Republican authorities
The supreme organs of the party in the republics of the Soviet Union (subnational entities of the first level) were the Communist Parties of the Republics, which were a total of 14 for each one, with the exception of the Russian SFSR, which up to 1990 lacked its own party. These were subordinate to the Central Committee of the CPSU. The Congresses of the republican communist parties were elected by the conferences of the regional committees of each republic (or conferences of the district committees in case the republic administered the districts directly). During the time between sessions of the republican congresses, the republican Central Committees (elected by the congresses) acted. The central committees elected, in turn, the Republican First Secretary.

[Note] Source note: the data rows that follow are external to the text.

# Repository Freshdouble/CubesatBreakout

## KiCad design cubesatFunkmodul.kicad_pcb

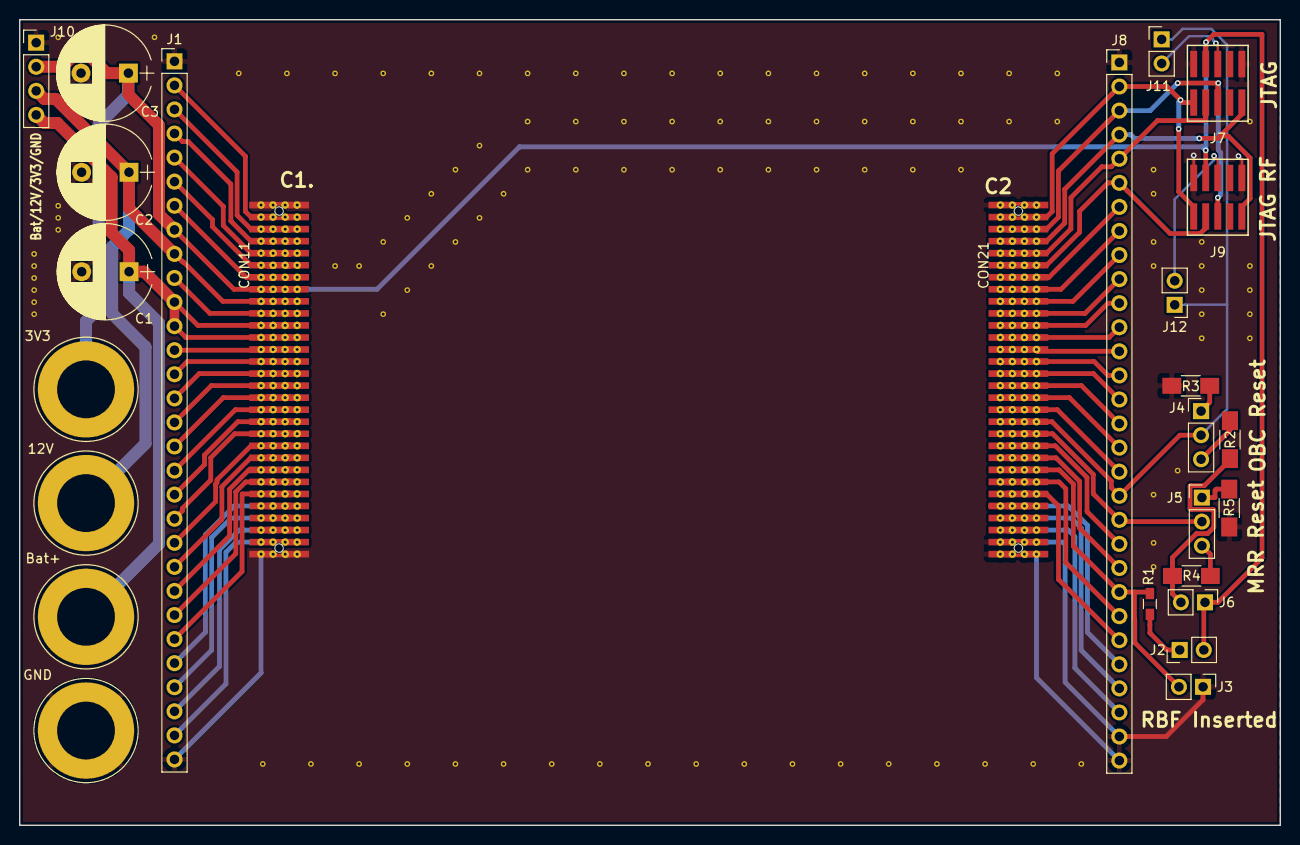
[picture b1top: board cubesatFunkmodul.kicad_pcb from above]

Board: 2 copper layers, 133.0 x 85.0 mm, 26 parts (0 on the bottom side), 63 nets.

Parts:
3V3, 12V: Conn_01x01; Banana_Jack_1Pin
Bat+: Conn_01x01; Banana_Jack_1Pin
C1, C2, C3: CP; CP_Radial_D10.0mm_P5.00mm
CON11: DISCO-CON1; Cubesatconnector
CON21: DISCO-CON2; Cubesatconnector
GND: Conn_01x01; Banana_Jack_1Pin
J1, J8: Conn_01x30; Pin_Header_Straight_1x30_Pitch2.54mm
J2, J3, J6, J11, J12: Conn_01x02; Pin_Header_Straight_1x02_Pitch2.54mm
J4, J5: Conn_01x03; Pin_Header_Straight_1x03_Pitch2.54mm
J7, J9: Conn_02x05_Odd_Even; FTSH-105-01-L-DV-K
J10: Conn_01x03; Pin_Header_Straight_1x04_Pitch2.54mm
R1: 10k; R_0603_HandSoldering
R2, R3, R4, R5: R; R_1206_HandSoldering

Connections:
+3V3: 3V3.1, C3.1, CON11.8, J1.8, J2.2, J6.1, J7.4, J9.4, J10.2
/Connector/12V: 12V.1, C2.1, CON11.9, J1.9, J10.3
/Connector/BAT+: Bat+.1, C1.1, CON11.11, CON11.12, J1.11, J1.12, J10.4
/Connector/TCK: CON21.2, J7.1, J8.2, J9.1
/Connector/TDI: CON21.4, J7.9, J8.4, J9.9
/Connector/TDO: CON21.5, J7.3, J8.5
/Connector/TDO-RF: CON21.6, J8.6, J9.3
/Connector/TMS: CON21.3, J7.5, J8.3, J9.5
/Connector/~OBC_RESET~: CON21.19, J4.2, J8.19, J11.1, J12.1
GND: C1.2, C2.2, C3.2, CON11.1, CON11.30, CON21.1, CON21.29, CON21.30, GND.1, J1.1, J1.30, J3.1, J7.2, J7.10, J8.1, J8.29, J8.30, J9.2, J9.10, J10.1, R3.1, R5.1
unnamed: CON11.2, J1.2
unnamed: CON11.3, J1.3
unnamed: CON11.4, J1.4
unnamed: CON11.5, J1.5
unnamed: CON11.6, J1.6
unnamed: CON11.7, J1.7
unnamed: CON11.10, J1.10
unnamed: CON11.13, J1.13
unnamed: CON11.14, J1.14
unnamed: CON11.15, J1.15
unnamed: CON11.16, J1.16
unnamed: CON11.17, J1.17
unnamed: CON11.18, J1.18
unnamed: CON11.19, J1.19
unnamed: CON11.20, J1.20
unnamed: CON11.21, J1.21
unnamed: CON11.22, J1.22
unnamed: CON11.23, J1.23
unnamed: CON11.24, J1.24
unnamed: CON11.25, J1.25
unnamed: CON11.26, J1.26
unnamed: CON11.27, J1.27
unnamed: CON11.28, J1.28
unnamed: CON11.29, J1.29
unnamed: CON21.7, J8.7
unnamed: CON21.8, J8.8
unnamed: CON21.9, J8.9
unnamed: CON21.10, J8.10
unnamed: CON21.11, J8.11
unnamed: CON21.12, J8.12
unnamed: CON21.13, J8.13
unnamed: CON21.14, J8.14
unnamed: CON21.15, J8.15
unnamed: CON21.16, J8.16
unnamed: CON21.17, J8.17
unnamed: CON21.18, J8.18
unnamed: CON21.20, J5.2, J8.20
unnamed: CON21.21, J8.21
unnamed: CON21.22, J8.22
unnamed: CON21.23, J3.2, J8.23, R1.2
unnamed: CON21.24, J8.24
unnamed: CON21.25, J8.25
unnamed: CON21.26, J8.26
unnamed: CON21.27, J8.27
unnamed: CON21.28, J8.28
unnamed: J2.1, R1.1
unnamed: J4.1, R3.2
unnamed: J4.3, R2.2
unnamed: J5.1, R5.2
unnamed: J5.3, R4.2
unnamed: J6.2, R2.1, R4.1
unnamed: J7.6, J11.2
unnamed: J9.6, J12.2

Source: Справочник по истории Коммунистической партии и Советского Союза 1898-1991 (Handbook on the history of the Communist Party and the Soviet Union)
Regional authorities
The Communist Parties of the Republics were subdivided into Regional Committees, one for each region (autonomous republics, oblasts, autonomous oblasts, and krais), though the smaller republics (Moldavian, Lithuanian, Latvian, Estonian, and Armenian SSRs) they lacked these, and were organized by district committees directly administered by the communist party of the republic in question. The supreme bodies of these were the Regional Conferences, which elected the Regional Committees, and the administrative bodies of said committees were the regional secretariats, directed by the First Regional Secretary, who were elected by the regional committees. The Regional Committees were subordinate to the Central Committee of the respective republic.
Provincial authorities
The Provincial Committees were the party organs in the okrugs, or autonomous districts, which were territories of the Russian SFSR inhabited by non-Russian ethnic minorities. In the party hierarchy, they had a higher status than district committees but less than regional ones, and were headed by the First Secretary of the autonomous okrug.
District authorities
The District Committees were the party organs in the districts, which made up the regional and provincial committees. The District Committees were elected by the District Conferences, and directed the committee during the time between their sessions. The District Committees were directed by the First Secretary of the district.
Youth Organizations
The youth organization of the Communist Party was the Communist Youth Union (Komsomol), which oversaw the Vladimir Lenin Pioneer Organization, made up of young children.
Membership
To participate in the Communist Party, the recommendation of two members of the Communist Party who had party experience of at least one year was necessary. After the approval of these recommendations, the applicant became a candidate for membership of the CPSU and was issued a candidate's card. Finally, after passing the qualification test period, the candidate could be definitively admitted to the party.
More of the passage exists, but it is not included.